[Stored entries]
== Segment start ==
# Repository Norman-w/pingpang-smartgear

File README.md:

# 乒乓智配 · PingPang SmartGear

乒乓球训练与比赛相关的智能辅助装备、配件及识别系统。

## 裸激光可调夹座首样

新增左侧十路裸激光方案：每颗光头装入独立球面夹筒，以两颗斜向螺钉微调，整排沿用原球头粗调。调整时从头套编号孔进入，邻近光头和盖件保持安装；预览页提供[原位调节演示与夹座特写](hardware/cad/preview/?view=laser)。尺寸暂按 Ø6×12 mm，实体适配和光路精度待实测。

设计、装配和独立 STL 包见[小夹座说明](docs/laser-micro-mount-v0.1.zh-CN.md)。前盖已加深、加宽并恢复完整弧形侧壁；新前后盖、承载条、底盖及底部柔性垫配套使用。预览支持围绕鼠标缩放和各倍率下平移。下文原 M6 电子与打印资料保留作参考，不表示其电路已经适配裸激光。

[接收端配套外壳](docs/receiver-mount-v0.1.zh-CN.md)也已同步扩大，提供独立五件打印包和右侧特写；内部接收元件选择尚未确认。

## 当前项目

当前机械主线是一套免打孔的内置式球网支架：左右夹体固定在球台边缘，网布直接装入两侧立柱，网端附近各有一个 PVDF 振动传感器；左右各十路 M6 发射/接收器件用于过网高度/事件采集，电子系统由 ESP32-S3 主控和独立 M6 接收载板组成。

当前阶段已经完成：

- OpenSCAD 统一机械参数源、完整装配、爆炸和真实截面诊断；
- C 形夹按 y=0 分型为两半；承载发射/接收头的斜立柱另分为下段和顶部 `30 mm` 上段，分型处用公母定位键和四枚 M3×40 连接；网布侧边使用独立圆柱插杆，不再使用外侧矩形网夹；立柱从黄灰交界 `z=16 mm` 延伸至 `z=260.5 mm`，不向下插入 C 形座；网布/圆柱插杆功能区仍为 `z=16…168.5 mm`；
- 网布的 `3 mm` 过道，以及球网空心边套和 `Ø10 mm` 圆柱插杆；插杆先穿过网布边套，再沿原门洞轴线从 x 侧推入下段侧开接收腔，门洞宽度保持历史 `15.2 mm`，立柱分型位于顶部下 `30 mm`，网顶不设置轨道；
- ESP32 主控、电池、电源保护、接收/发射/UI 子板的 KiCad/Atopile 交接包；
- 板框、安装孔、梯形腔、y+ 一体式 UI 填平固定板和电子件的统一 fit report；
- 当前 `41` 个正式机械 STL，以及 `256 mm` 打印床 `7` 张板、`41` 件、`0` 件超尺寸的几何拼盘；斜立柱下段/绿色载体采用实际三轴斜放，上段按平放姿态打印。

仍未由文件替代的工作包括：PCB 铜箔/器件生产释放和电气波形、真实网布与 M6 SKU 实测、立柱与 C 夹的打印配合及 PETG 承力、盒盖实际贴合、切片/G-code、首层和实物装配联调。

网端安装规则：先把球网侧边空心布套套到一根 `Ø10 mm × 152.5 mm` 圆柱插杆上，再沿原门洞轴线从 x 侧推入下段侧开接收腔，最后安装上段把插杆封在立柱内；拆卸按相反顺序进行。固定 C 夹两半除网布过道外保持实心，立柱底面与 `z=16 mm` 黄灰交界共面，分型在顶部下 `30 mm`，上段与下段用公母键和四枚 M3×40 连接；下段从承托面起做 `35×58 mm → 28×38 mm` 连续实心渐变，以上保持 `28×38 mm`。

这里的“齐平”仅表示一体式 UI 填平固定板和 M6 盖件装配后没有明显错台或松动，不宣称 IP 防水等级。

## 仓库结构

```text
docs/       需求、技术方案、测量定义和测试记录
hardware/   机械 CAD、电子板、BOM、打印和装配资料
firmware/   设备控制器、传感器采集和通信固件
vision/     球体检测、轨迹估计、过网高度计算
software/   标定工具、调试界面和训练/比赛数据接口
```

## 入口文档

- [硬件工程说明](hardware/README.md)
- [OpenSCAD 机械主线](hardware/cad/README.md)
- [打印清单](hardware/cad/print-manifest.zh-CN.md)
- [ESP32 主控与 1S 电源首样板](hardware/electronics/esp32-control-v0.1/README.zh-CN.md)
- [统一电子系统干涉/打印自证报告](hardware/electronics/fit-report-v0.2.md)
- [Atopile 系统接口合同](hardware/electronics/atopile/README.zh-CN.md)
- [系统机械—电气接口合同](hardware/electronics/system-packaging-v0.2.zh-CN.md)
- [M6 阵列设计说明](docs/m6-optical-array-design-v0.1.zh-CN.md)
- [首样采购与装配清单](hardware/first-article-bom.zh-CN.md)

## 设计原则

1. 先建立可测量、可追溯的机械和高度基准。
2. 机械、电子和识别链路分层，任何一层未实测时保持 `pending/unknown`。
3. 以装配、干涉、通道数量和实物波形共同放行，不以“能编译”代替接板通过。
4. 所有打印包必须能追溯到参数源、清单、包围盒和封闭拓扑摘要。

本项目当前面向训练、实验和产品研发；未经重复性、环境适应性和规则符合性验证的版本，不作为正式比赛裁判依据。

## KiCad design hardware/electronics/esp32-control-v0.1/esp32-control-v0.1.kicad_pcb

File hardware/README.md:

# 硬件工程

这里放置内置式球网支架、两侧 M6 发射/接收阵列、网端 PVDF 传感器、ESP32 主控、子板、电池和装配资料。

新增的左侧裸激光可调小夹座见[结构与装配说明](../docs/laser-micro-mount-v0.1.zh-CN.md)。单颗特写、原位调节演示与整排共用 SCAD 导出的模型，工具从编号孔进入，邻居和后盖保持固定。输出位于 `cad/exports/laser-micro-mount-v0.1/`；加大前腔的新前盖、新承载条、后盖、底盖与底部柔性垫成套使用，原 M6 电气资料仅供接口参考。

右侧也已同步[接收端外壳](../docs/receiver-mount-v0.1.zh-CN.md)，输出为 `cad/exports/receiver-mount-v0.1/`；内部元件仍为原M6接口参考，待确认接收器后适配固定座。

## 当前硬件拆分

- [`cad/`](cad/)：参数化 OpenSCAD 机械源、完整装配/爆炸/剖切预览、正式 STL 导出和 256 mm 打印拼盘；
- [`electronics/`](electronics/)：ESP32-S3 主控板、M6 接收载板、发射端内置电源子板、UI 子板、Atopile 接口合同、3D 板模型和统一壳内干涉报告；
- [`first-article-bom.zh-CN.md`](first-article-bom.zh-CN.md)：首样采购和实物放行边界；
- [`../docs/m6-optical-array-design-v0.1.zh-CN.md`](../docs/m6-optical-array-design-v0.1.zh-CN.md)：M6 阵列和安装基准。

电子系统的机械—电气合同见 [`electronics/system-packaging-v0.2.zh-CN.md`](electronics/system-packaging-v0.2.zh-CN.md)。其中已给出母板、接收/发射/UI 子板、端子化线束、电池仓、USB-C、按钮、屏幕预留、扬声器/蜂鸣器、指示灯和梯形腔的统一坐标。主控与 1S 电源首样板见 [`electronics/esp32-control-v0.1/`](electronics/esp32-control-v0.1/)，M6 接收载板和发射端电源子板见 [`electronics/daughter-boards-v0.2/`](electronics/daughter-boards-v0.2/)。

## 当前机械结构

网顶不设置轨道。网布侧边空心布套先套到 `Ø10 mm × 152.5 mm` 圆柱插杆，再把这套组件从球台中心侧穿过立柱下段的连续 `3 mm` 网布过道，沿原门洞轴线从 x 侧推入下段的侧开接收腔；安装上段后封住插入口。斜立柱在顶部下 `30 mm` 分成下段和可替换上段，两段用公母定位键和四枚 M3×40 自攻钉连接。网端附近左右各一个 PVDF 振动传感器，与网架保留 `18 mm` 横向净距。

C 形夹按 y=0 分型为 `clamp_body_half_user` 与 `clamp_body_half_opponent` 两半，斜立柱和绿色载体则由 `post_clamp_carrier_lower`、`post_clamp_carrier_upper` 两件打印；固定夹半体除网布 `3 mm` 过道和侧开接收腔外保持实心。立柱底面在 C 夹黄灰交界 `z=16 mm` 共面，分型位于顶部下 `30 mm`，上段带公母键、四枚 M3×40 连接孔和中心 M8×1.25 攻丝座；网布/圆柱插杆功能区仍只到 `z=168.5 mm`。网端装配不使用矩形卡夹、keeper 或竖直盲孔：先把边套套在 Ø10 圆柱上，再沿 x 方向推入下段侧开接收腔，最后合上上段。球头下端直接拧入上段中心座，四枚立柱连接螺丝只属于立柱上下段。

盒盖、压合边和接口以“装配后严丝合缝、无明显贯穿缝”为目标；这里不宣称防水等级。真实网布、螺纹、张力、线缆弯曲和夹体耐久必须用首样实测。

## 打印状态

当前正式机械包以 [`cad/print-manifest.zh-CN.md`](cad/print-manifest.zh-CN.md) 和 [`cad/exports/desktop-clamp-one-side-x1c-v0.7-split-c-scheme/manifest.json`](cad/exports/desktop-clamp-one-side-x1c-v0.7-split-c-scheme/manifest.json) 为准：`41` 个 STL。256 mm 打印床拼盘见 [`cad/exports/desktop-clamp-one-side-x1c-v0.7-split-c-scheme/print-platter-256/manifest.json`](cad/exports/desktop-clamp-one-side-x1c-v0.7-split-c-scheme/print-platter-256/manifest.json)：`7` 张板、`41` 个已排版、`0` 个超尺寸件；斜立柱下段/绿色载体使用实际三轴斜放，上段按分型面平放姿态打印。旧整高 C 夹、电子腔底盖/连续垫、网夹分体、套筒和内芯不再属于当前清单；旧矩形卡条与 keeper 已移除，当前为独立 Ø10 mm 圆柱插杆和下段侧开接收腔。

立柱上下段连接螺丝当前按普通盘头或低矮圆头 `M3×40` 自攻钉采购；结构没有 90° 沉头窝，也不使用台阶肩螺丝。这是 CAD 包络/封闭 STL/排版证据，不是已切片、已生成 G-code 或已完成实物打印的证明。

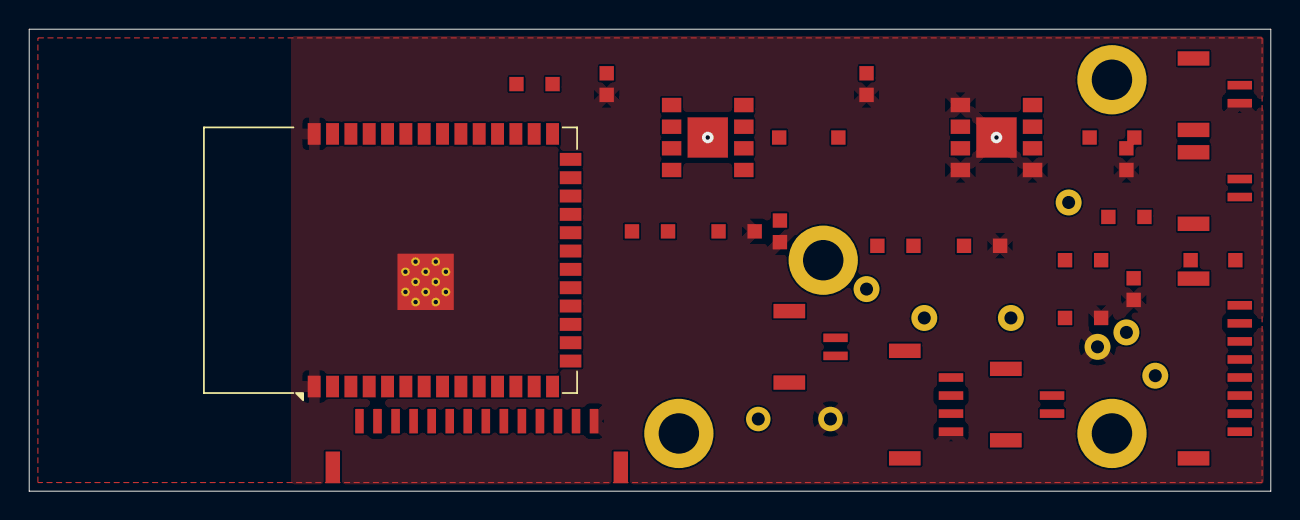
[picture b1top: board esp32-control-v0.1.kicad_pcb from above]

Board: 2 copper layers, 86.0 x 32.0 mm, 38 parts (0 on the bottom side), 34 nets, no tracks yet.

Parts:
C1: 100n BAT_SENSE
C2: 22u BAT
C3: 10u VBUS
C4: 22u SYS5V
C5: 10u 3V3
C6: 100n BUCK_EN
D1: GREEN STATUS
D2: TVS 33V SENSOR
F1: PTC 1.1A
F2: PTC SENSOR
H1, H2, H3, H4: M2.5 NPTH
J2: MX1.25_PROTECTED_1S_BAT
J3: MX1.25_SENSOR_10-30V_IN
J4: MX1.25_M6_CARRIER_HOST
J5: MX1.25_PVDF_ADC_AUX
J6: MX1.25_PVDF_CMP_AUX_DNP
J7: MX1.25_UI_PANEL_LOCK_14P_CHARGE
J8: MX1.25_M6_SENSOR_RAIL_LINK
L1: 2.2uH BOOST XFL4020
L2: 2.2uH BUCK XFL3012
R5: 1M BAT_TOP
== Segment end ==
Copy nothing but the lines above that run from the one with "Ø10 mm 圆柱插杆和下段侧开接收腔。" to the one with "J3: MX1.25_SENSOR_10-30V_IN", ends included; pictures stay out.

当前正式机械包以 [`cad/print-manifest.zh-CN.md`](cad/print-manifest.zh-CN.md) 和 [`cad/exports/desktop-clamp-one-side-x1c-v0.7-split-c-scheme/manifest.json`](cad/exports/desktop-clamp-one-side-x1c-v0.7-split-c-scheme/manifest.json) 为准：`41` 个 STL。256 mm 打印床拼盘见 [`cad/exports/desktop-clamp-one-side-x1c-v0.7-split-c-scheme/print-platter-256/manifest.json`](cad/exports/desktop-clamp-one-side-x1c-v0.7-split-c-scheme/print-platter-256/manifest.json)：`7` 张板、`41` 个已排版、`0` 个超尺寸件；斜立柱下段/绿色载体使用实际三轴斜放，上段按分型面平放姿态打印。旧整高 C 夹、电子腔底盖/连续垫、网夹分体、套筒和内芯不再属于当前清单；旧矩形卡条与 keeper 已移除，当前为独立 Ø10 mm 圆柱插杆和下段侧开接收腔。

立柱上下段连接螺丝当前按普通盘头或低矮圆头 `M3×40` 自攻钉采购；结构没有 90° 沉头窝，也不使用台阶肩螺丝。这是 CAD 包络/封闭 STL/排版证据，不是已切片、已生成 G-code 或已完成实物打印的证明。

[picture b1top: board esp32-control-v0.1.kicad_pcb from above]

Board: 2 copper layers, 86.0 x 32.0 mm, 38 parts (0 on the bottom side), 34 nets, no tracks yet.

Parts:
C1: 100n BAT_SENSE
C2: 22u BAT
C3: 10u VBUS
C4: 22u SYS5V
C5: 10u 3V3
C6: 100n BUCK_EN
D1: GREEN STATUS
D2: TVS 33V SENSOR
F1: PTC 1.1A
F2: PTC SENSOR
H1, H2, H3, H4: M2.5 NPTH
J2: MX1.25_PROTECTED_1S_BAT
J3: MX1.25_SENSOR_10-30V_IN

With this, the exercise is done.